Hebenstretia kamiesbergensis

Scientific classification
- Kingdom: Plantae
- Clade: Tracheophytes
- Clade: Angiosperms
- Clade: Eudicots
- Clade: Asterids
- Order: Lamiales
- Family: Scrophulariaceae
- Genus: Hebenstretia
- Species: H. kamiesbergensis
- Binomial name: Hebenstretia kamiesbergensis Roessler

= Hebenstretia kamiesbergensis =

- Genus: Hebenstretia
- Species: kamiesbergensis
- Authority: Roessler

South African plant species

Hebenstretia kamiesbergensis, the Kamiesberg slugwort, is a species of plant from the Kamiesberg Mountains in South Africa. It belongs to the figwort family.

== Description ==
This branched shrub grows 50-60 cm tall. The linear leaves may curve inwards or outwards and have many teeth. Flowers are present in spikes between September and December.

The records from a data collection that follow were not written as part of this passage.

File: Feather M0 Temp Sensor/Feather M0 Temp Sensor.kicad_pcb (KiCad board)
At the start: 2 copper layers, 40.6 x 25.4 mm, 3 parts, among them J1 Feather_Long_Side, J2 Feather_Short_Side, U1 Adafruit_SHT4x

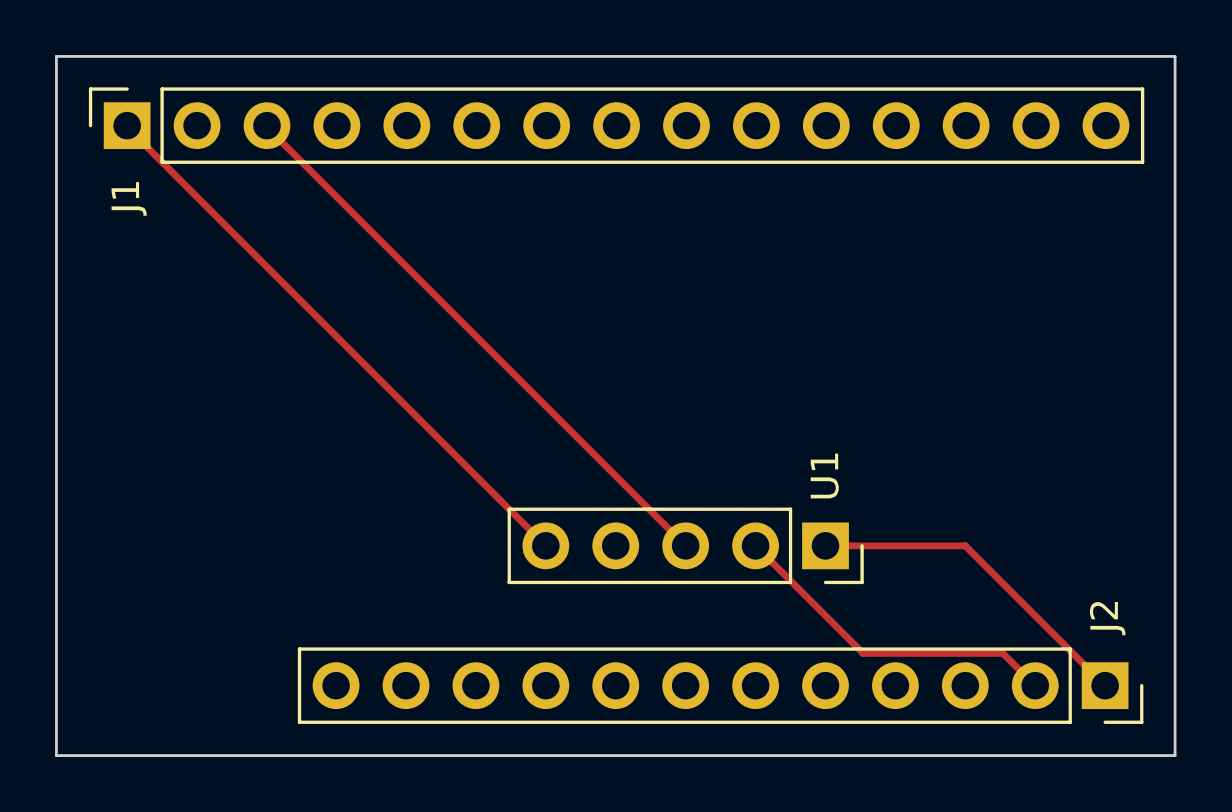
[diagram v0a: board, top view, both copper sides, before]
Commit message: Improved PCB look
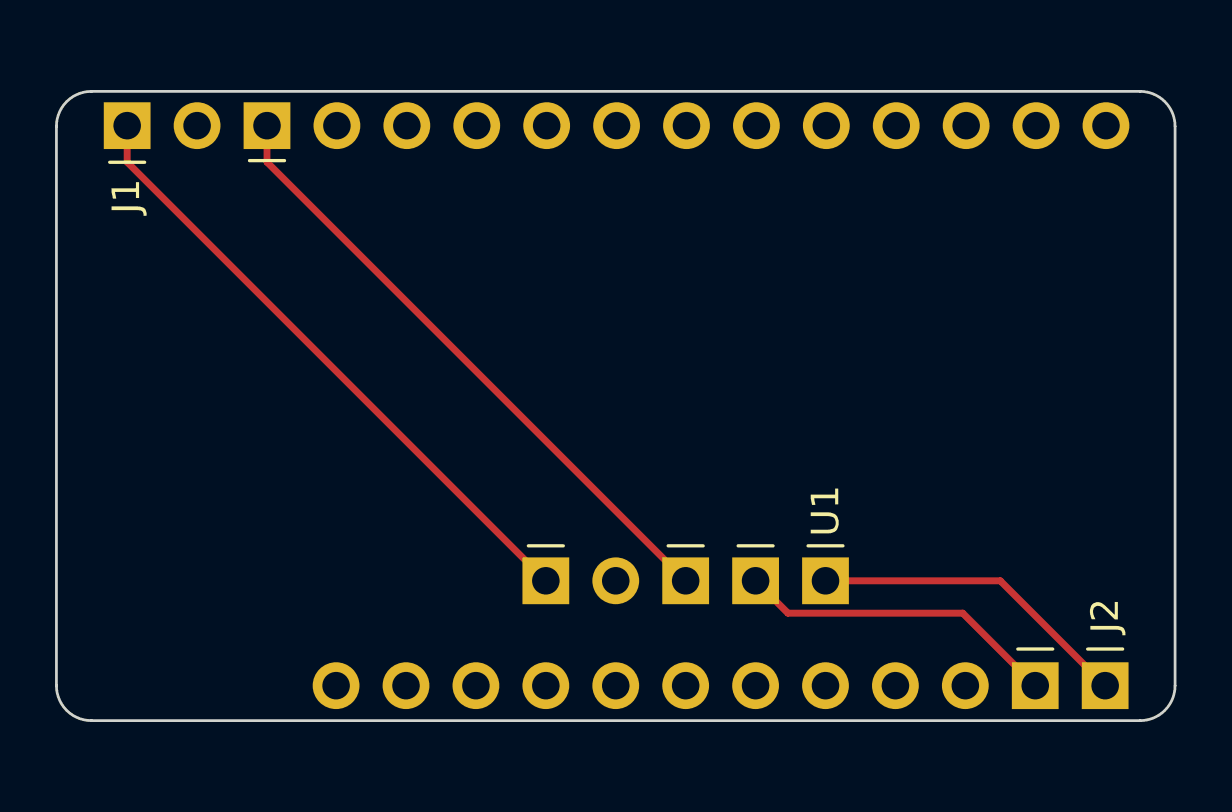
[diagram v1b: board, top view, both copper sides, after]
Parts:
- moved U1 1.27 mm to (119.4, 72.4)
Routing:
- net Net-(U1-Pad5): track 21.6 -> 22.8 mm
- net Net-(U1-Pad3): track 21.6 -> 22.8 mm
- net Net-(U1-Pad2): track 12.3 -> 11.7 mm
- net Net-(U1-Pad1): track 12.3 -> 11.7 mm
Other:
- board size 40.6 x 25.4 mm -> 40.6 x 22.9 mm
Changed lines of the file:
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@@
       (effects (font (size 1 1) (thickness 0.15)))
     )
-    (fp_line (start -1.33 1.27) (end -1.33 36.89) (layer "F.SilkS") (width 0.12))
-    (fp_line (start -1.33 36.89) (end 1.33 36.89) (layer "F.SilkS") (width 0.12))
-    (fp_line (start 0 -1.33) (end 1.33 -1.33) (layer "F.SilkS") (width 0.12))
-    (fp_line (start -1.33 1.27) (end 1.33 1.27) (layer "F.SilkS") (width 0.12))
-    (fp_line (start 1.33 1.27) (end 1.33 36.89) (layer "F.SilkS") (width 0.12))
-    (fp_line (start 1.33 -1.33) (end 1.33 0) (layer "F.SilkS") (width 0.12))
+    (fp_line (start -1.33 -0.635) (end -1.33 0.635) (layer "F.SilkS") (width 0.12))
+    (fp_line (start -1.27 4.445) (end -1.27 5.715) (layer "F.SilkS") (width 0.12))
     (fp_line (start 1.75 -1.8) (end 1.75 37.3) (layer "F.CrtYd") (width 0.05))
     (fp_line (start -1.8 -1.8) (end 1.75 -1.8) (layer "F.CrtYd") (width 0.05))
     (fp_line (start 1.75 37.3) (end -1.8 37.3) (layer "F.CrtYd") (width 0.05))
     (fp_line (start -1.8 37.3) (end -1.8 -1.8) (layer "F.CrtYd") (width 0.05))
-    (fp_line (start 1.27 -0.635) (end 1.27 36.83) (layer "F.Fab") (width 0.1))
-    (fp_line (start 0.635 -1.27) (end 1.27 -0.635) (layer "F.Fab") (width 0.1))
-    (fp_line (start -1.27 36.83) (end -1.27 -1.27) (layer "F.Fab") (width 0.1))
-    (fp_line (start 1.27 36.83) (end -1.27 36.83) (layer "F.Fab") (width 0.1))
-    (fp_line (start -1.27 -1.27) (end 0.635 -1.27) (layer "F.Fab") (width 0.1))
     (pad "1" thru_hole rect (at 0 0 90) (size 1.7 1.7) (drill 1) (layers *.Cu *.Mask)
       (net 5 "Net-(U1-Pad5)") (pinfunction "3V") (pintype "power_out"))
     (pad "2" thru_hole oval (at 0 2.54 90) (size 1.7 1.7) (drill 1) (layers *.Cu *.Mask)
       (net 6 "unconnected-(J1-Pad2)") (pinfunction "Pin_2") (pintype "passive"))
-    (pad "3" thru_hole oval (at 0 5.08 90) (size 1.7 1.7) (drill 1) (layers *.Cu *.Mask)
+    (pad "3" thru_hole rect (at 0 5.08 90) (size 1.7 1.7) (drill 1) (layers *.Cu *.Mask)
       (net 3 "Net-(U1-Pad3)") (pinfunction "GND") (pintype "power_out"))
     (pad "4" thru_hole oval (at 0 7.62 90) (size 1.7 1.7) (drill 1) (layers *.Cu *.Mask)
@@
   )
   (footprint "Connector_PinSocket_2.54mm:PinSocket_1x05_P2.54mm_Vertical" (layer "F.Cu")
-    (at 119.38 71.12 -90)
+    (at 119.38 72.39 -90)
     (descr "Through hole straight socket strip, 1x05, 2.54mm pitch, single row (from Kicad 4.0.7), script generated")
     (tags "Through hole socket strip THT 1x05 2.54mm single row")
@@
       (effects (font (size 1 1) (thickness 0.15)))
     )
-    (fp_line (start 1.33 1.27) (end 1.33 11.49) (layer "F.SilkS") (width 0.12))
-    (fp_line (start -1.33 11.49) (end 1.33 11.49) (layer "F.SilkS") (width 0.12))
-    (fp_line (start -1.33 1.27) (end 1.33 1.27) (layer "F.SilkS") (width 0.12))
-    (fp_line (start -1.33 1.27) (end -1.33 11.49) (layer "F.SilkS") (width 0.12))
-    (fp_line (start 0 -1.33) (end 1.33 -1.33) (layer "F.SilkS") (width 0.12))
-    (fp_line (start 1.33 -1.33) (end 1.33 0) (layer "F.SilkS") (width 0.12))
+    (fp_line (start -1.27 9.525) (end -1.27 10.795) (layer "F.SilkS") (width 0.12))
+    (fp_line (start -1.27 1.905) (end -1.27 3.175) (layer "F.SilkS") (width 0.12))
+    (fp_line (start -1.27 4.445) (end -1.27 5.715) (layer "F.SilkS") (width 0.12))
+    (fp_line (start -1.27 -0.635) (end -1.27 0.635) (layer "F.SilkS") (width 0.12))
     (fp_line (start 1.75 -1.8) (end 1.75 11.9) (layer "F.CrtYd") (width 0.05))
     (fp_line (start -1.8 11.9) (end -1.8 -1.8) (layer "F.CrtYd") (width 0.05))
     (fp_line (start 1.75 11.9) (end -1.8 11.9) (layer "F.CrtYd") (width 0.05))
     (fp_line (start -1.8 -1.8) (end 1.75 -1.8) (layer "F.CrtYd") (width 0.05))
-    (fp_line (start -1.27 -1.27) (end 0.635 -1.27) (layer "F.Fab") (width 0.1))
-    (fp_line (start 1.27 11.43) (end -1.27 11.43) (layer "F.Fab") (width 0.1))
-    (fp_line (start -1.27 11.43) (end -1.27 -1.27) (layer "F.Fab") (width 0.1))
-    (fp_line (start 0.635 -1.27) (end 1.27 -0.635) (layer "F.Fab") (width 0.1))
-    (fp_line (start 1.27 -0.635) (end 1.27 11.43) (layer "F.Fab") (width 0.1))
     (pad "1" thru_hole rect (at 0 0 270) (size 1.7 1.7) (drill 1) (layers *.Cu *.Mask)
       (net 1 "Net-(U1-Pad1)") (pinfunction "SDA") (pintype "bidirectional"))
-    (pad "2" thru_hole oval (at 0 2.54 270) (size 1.7 1.7) (drill 1) (layers *.Cu *.Mask)
+    (pad "2" thru_hole rect (at 0 2.54 270) (size 1.7 1.7) (drill 1) (layers *.Cu *.Mask)
       (net 2 "Net-(U1-Pad2)") (pinfunction "SCL") (pintype "input"))
-    (pad "3" thru_hole oval (at 0 5.08 270) (size 1.7 1.7) (drill 1) (layers *.Cu *.Mask)
+    (pad "3" thru_hole rect (at 0 5.08 270) (size 1.7 1.7) (drill 1) (layers *.Cu *.Mask)
       (net 3 "Net-(U1-Pad3)") (pinfunction "GND") (pintype "power_in"))
     (pad "4" thru_hole oval (at 0 7.62 270) (size 1.7 1.7) (drill 1) (layers *.Cu *.Mask)
       (net 4 "unconnected-(U1-Pad4)") (pinfunction "3V") (pintype "power_out"))
-    (pad "5" thru_hole oval (at 0 10.16 270) (size 1.7 1.7) (drill 1) (layers *.Cu *.Mask)
+    (pad "5" thru_hole rect (at 0 10.16 270) (size 1.7 1.7) (drill 1) (layers *.Cu *.Mask)
       (net 5 "Net-(U1-Pad5)") (pinfunction "VIN") (pintype "power_in"))
     (model "${KICAD6_3DMODEL_DIR}/Connector_PinSocket_2.54mm.3dshapes/PinSocket_1x05_P2.54mm_Vertical.wrl"
@@
       (effects (font (size 1 1) (thickness 0.15)))
     )
-    (fp_line (start 1.33 1.27) (end 1.33 29.27) (layer "F.SilkS") (width 0.12))
-    (fp_line (start 0 -1.33) (end 1.33 -1.33) (layer "F.SilkS") (width 0.12))
-    (fp_line (start -1.33 1.27) (end -1.33 29.27) (layer "F.SilkS") (width 0.12))
-    (fp_line (start -1.33 1.27) (end 1.33 1.27) (layer "F.SilkS") (width 0.12))
-    (fp_line (start 1.33 -1.33) (end 1.33 0) (layer "F.SilkS") (width 0.12))
-    (fp_line (start -1.33 29.27) (end 1.33 29.27) (layer "F.SilkS") (width 0.12))
+    (fp_line (start -1.33 -0.635) (end -1.33 0.635) (layer "F.SilkS") (width 0.12))
+    (fp_line (start -1.33 1.905) (end -1.33 3.175) (layer "F.SilkS") (width 0.12))
     (fp_line (start -1.8 29.7) (end -1.8 -1.8) (layer "F.CrtYd") (width 0.05))
     (fp_line (start -1.8 -1.8) (end 1.75 -1.8) (layer "F.CrtYd") (width 0.05))
     (fp_line (start 1.75 -1.8) (end 1.75 29.7) (layer "F.CrtYd") (width 0.05))
     (fp_line (start 1.75 29.7) (end -1.8 29.7) (layer "F.CrtYd") (width 0.05))
-    (fp_line (start -1.27 -1.27) (end 0.635 -1.27) (layer "F.Fab") (width 0.1))
-    (fp_line (start 1.27 29.21) (end -1.27 29.21) (layer "F.Fab") (width 0.1))
-    (fp_line (start -1.27 29.21) (end -1.27 -1.27) (layer "F.Fab") (width 0.1))
-    (fp_line (start 0.635 -1.27) (end 1.27 -0.635) (layer "F.Fab") (width 0.1))
-    (fp_line (start 1.27 -0.635) (end 1.27 29.21) (layer "F.Fab") (width 0.1))
     (pad "1" thru_hole rect (at 0 0 270) (size 1.7 1.7) (drill 1) (layers *.Cu *.Mask)
       (net 1 "Net-(U1-Pad1)") (pinfunction "SDA") (pintype "bidirectional"))
-    (pad "2" thru_hole oval (at 0 2.54 270) (size 1.7 1.7) (drill 1) (layers *.Cu *.Mask)
+    (pad "2" thru_hole rect (at 0 2.54 270) (size 1.7 1.7) (drill 1) (layers *.Cu *.Mask)
       (net 2 "Net-(U1-Pad2)") (pinfunction "SCL") (pintype "output"))
     (pad "3" thru_hole oval (at 0 5.08 270) (size 1.7 1.7) (drill 1) (layers *.Cu *.Mask)
@@
     )
   )
-  (gr_rect (start 132.08 78.74) (end 91.44 53.34) (layer "Edge.Cuts") (width 0.1) (fill none))
-  (segment (start 129.54 76.2) (end 124.46 71.12) (width 0.25) (layer "F.Cu") (net 1))
-  (segment (start 124.46 71.12) (end 119.38 71.12) (width 0.25) (layer "F.Cu") (net 1))
-  (segment (start 127 76.2) (end 125.825 75.025) (width 0.25) (layer "F.Cu") (net 2))
-  (segment (start 120.745 75.025) (end 116.84 71.12) (width 0.25) (layer "F.Cu") (net 2))
-  (segment (start 125.825 75.025) (end 120.745 75.025) (width 0.25) (layer "F.Cu") (net 2))
-  (segment (start 114.3 71.12) (end 99.09 55.91) (width 0.25) (layer "F.Cu") (net 3))
-  (segment (start 99.09 55.91) (end 99.09 55.855) (width 0.25) (layer "F.Cu") (net 3))
-  (segment (start 94.01 55.91) (end 109.22 71.12) (width 0.25) (layer "F.Cu") (net 5))
-  (segment (start 94.01 55.855) (end 94.01 55.91) (width 0.25) (layer "F.Cu") (net 5))
+  (gr_arc (start 91.44 55.88) (mid 91.811974 54.981974) (end 92.71 54.61) (layer "Edge.Cuts") (width 0.1))
+  (gr_arc (start 132.08 76.2) (mid 131.708026 77.098026) (end 130.81 77.47) (layer "Edge.Cuts") (width 0.1))
+  (gr_line (start 92.71 54.61) (end 130.81 54.61) (layer "Edge.Cuts") (width 0.1))
+  (gr_line (start 92.71 77.47) (end 130.81 77.47) (layer "Edge.Cuts") (width 0.1))
+  (gr_line (start 91.44 55.88) (end 91.44 76.2) (layer "Edge.Cuts") (width 0.1))
+  (gr_line (start 132.08 76.2) (end 132.08 55.88) (layer "Edge.Cuts") (width 0.1))
+  (gr_arc (start 92.71 77.47) (mid 91.811974 77.098026) (end 91.44 76.2) (layer "Edge.Cuts") (width 0.1))
+  (gr_arc (start 130.81 54.61) (mid 131.708026 54.981974) (end 132.08 55.88) (layer "Edge.Cuts") (width 0.1))
+  (segment (start 119.38 72.39) (end 125.73 72.39) (width 0.25) (layer "F.Cu") (net 1))
+  (segment (start 125.73 72.39) (end 129.54 76.2) (width 0.25) (layer "F.Cu") (net 1))
+  (segment (start 124.365 73.565) (end 127 76.2) (width 0.25) (layer "F.Cu") (net 2))
+  (segment (start 116.84 72.39) (end 118.015 73.565) (width 0.25) (layer "F.Cu") (net 2))
+  (segment (start 118.015 73.565) (end 124.365 73.565) (width 0.25) (layer "F.Cu") (net 2))
+  (segment (start 99.09 55.855) (end 99.09 57.18) (width 0.25) (layer "F.Cu") (net 3))
+  (segment (start 99.09 57.18) (end 114.3 72.39) (width 0.25) (layer "F.Cu") (net 3))
+  (segment (start 94.01 55.855) (end 94.01 57.18) (width 0.25) (layer "F.Cu") (net 5))
+  (segment (start 94.01 57.18) (end 109.22 72.39) (width 0.25) (layer "F.Cu") (net 5))
 )

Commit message: feat: Redesign PCB for A0 SHT power
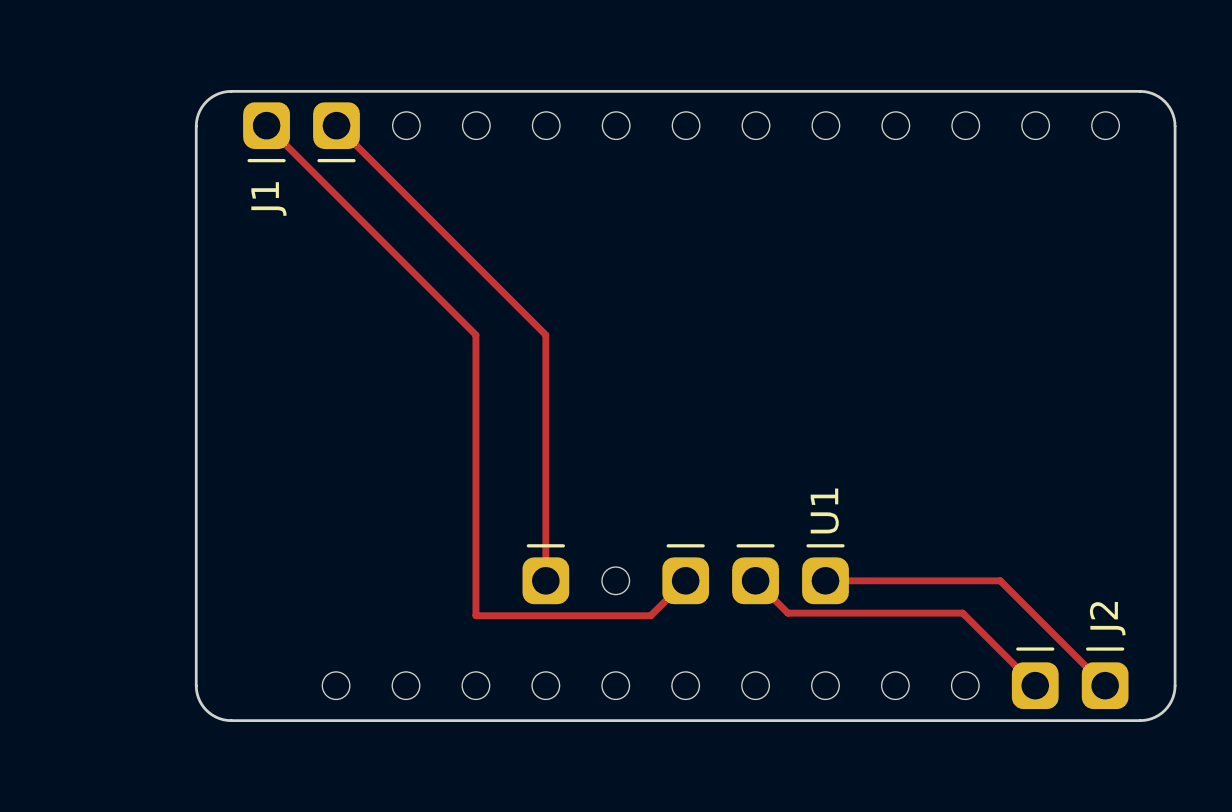
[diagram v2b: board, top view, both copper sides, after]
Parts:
- J1: footprint Connector_PinSocket_2.54mm:PinSocket_1x15_P2.54mm_Vertical -> Connector_PinSocket_2.54mm:PinSocket_1x13_P2.54mm_Vertical
- moved J1 5.06 mm to (99.1, 55.9)
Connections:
- J1 pad 1: Net-(U1-Pad5) -> Net-(U1-Pad3)
- J1 pad 10: unconnected-(J1-Pad10) -> (no net)
- J1 pad 11: unconnected-(J1-Pad11) -> (no net)
- J1 pad 12: unconnected-(J1-Pad12) -> (no net)
- J1 pad 13: unconnected-(J1-Pad13) -> (no net)
- J1 pad 2: unconnected-(J1-Pad2) -> Net-(U1-Pad5)
- J1 pad 3: Net-(U1-Pad3) -> (no net)
- J1 pad 4: unconnected-(J1-Pad4) -> (no net)
- J1 pad 5: unconnected-(J1-Pad5) -> (no net)
- J1 pad 6: unconnected-(J1-Pad6) -> (no net)
- J1 pad 7: unconnected-(J1-Pad7) -> (no net)
- J1 pad 8: unconnected-(J1-Pad8) -> (no net)
- J1 pad 9: unconnected-(J1-Pad9) -> (no net)
- J2 pad 10: unconnected-(J2-Pad10) -> (no net)
- J2 pad 11: unconnected-(J2-Pad11) -> (no net)
- J2 pad 12: unconnected-(J2-Pad12) -> (no net)
- J2 pad 3: unconnected-(J2-Pad3) -> (no net)
- J2 pad 4: unconnected-(J2-Pad4) -> (no net)
- J2 pad 5: unconnected-(J2-Pad5) -> (no net)
- J2 pad 6: unconnected-(J2-Pad6) -> (no net)
- J2 pad 7: unconnected-(J2-Pad7) -> (no net)
- J2 pad 8: unconnected-(J2-Pad8) -> (no net)
- J2 pad 9: unconnected-(J2-Pad9) -> (no net)
- U1 pad 4: unconnected-(U1-Pad4) -> (no net)
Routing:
- net Net-(U1-Pad3): track 22.8 -> 29.1 mm
- net Net-(U1-Pad5): track 22.8 -> 19.7 mm
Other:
- board size 40.6 x 22.9 mm -> 35.6 x 22.9 mm

The spikes may be densely flowered or be long. The flowers are white with yellow spots and hairy calyx. The fruit is a rounded oblong that is swollen on one side. The upper mericarp is shield shaped.

== Distribution and habitat ==
This plant is endemic to the Kamiesberg Mountains in the Northern Cape of South Africa. It grows on the upper slopes.

== Etymology ==
This species is named after the mountains in which it grows.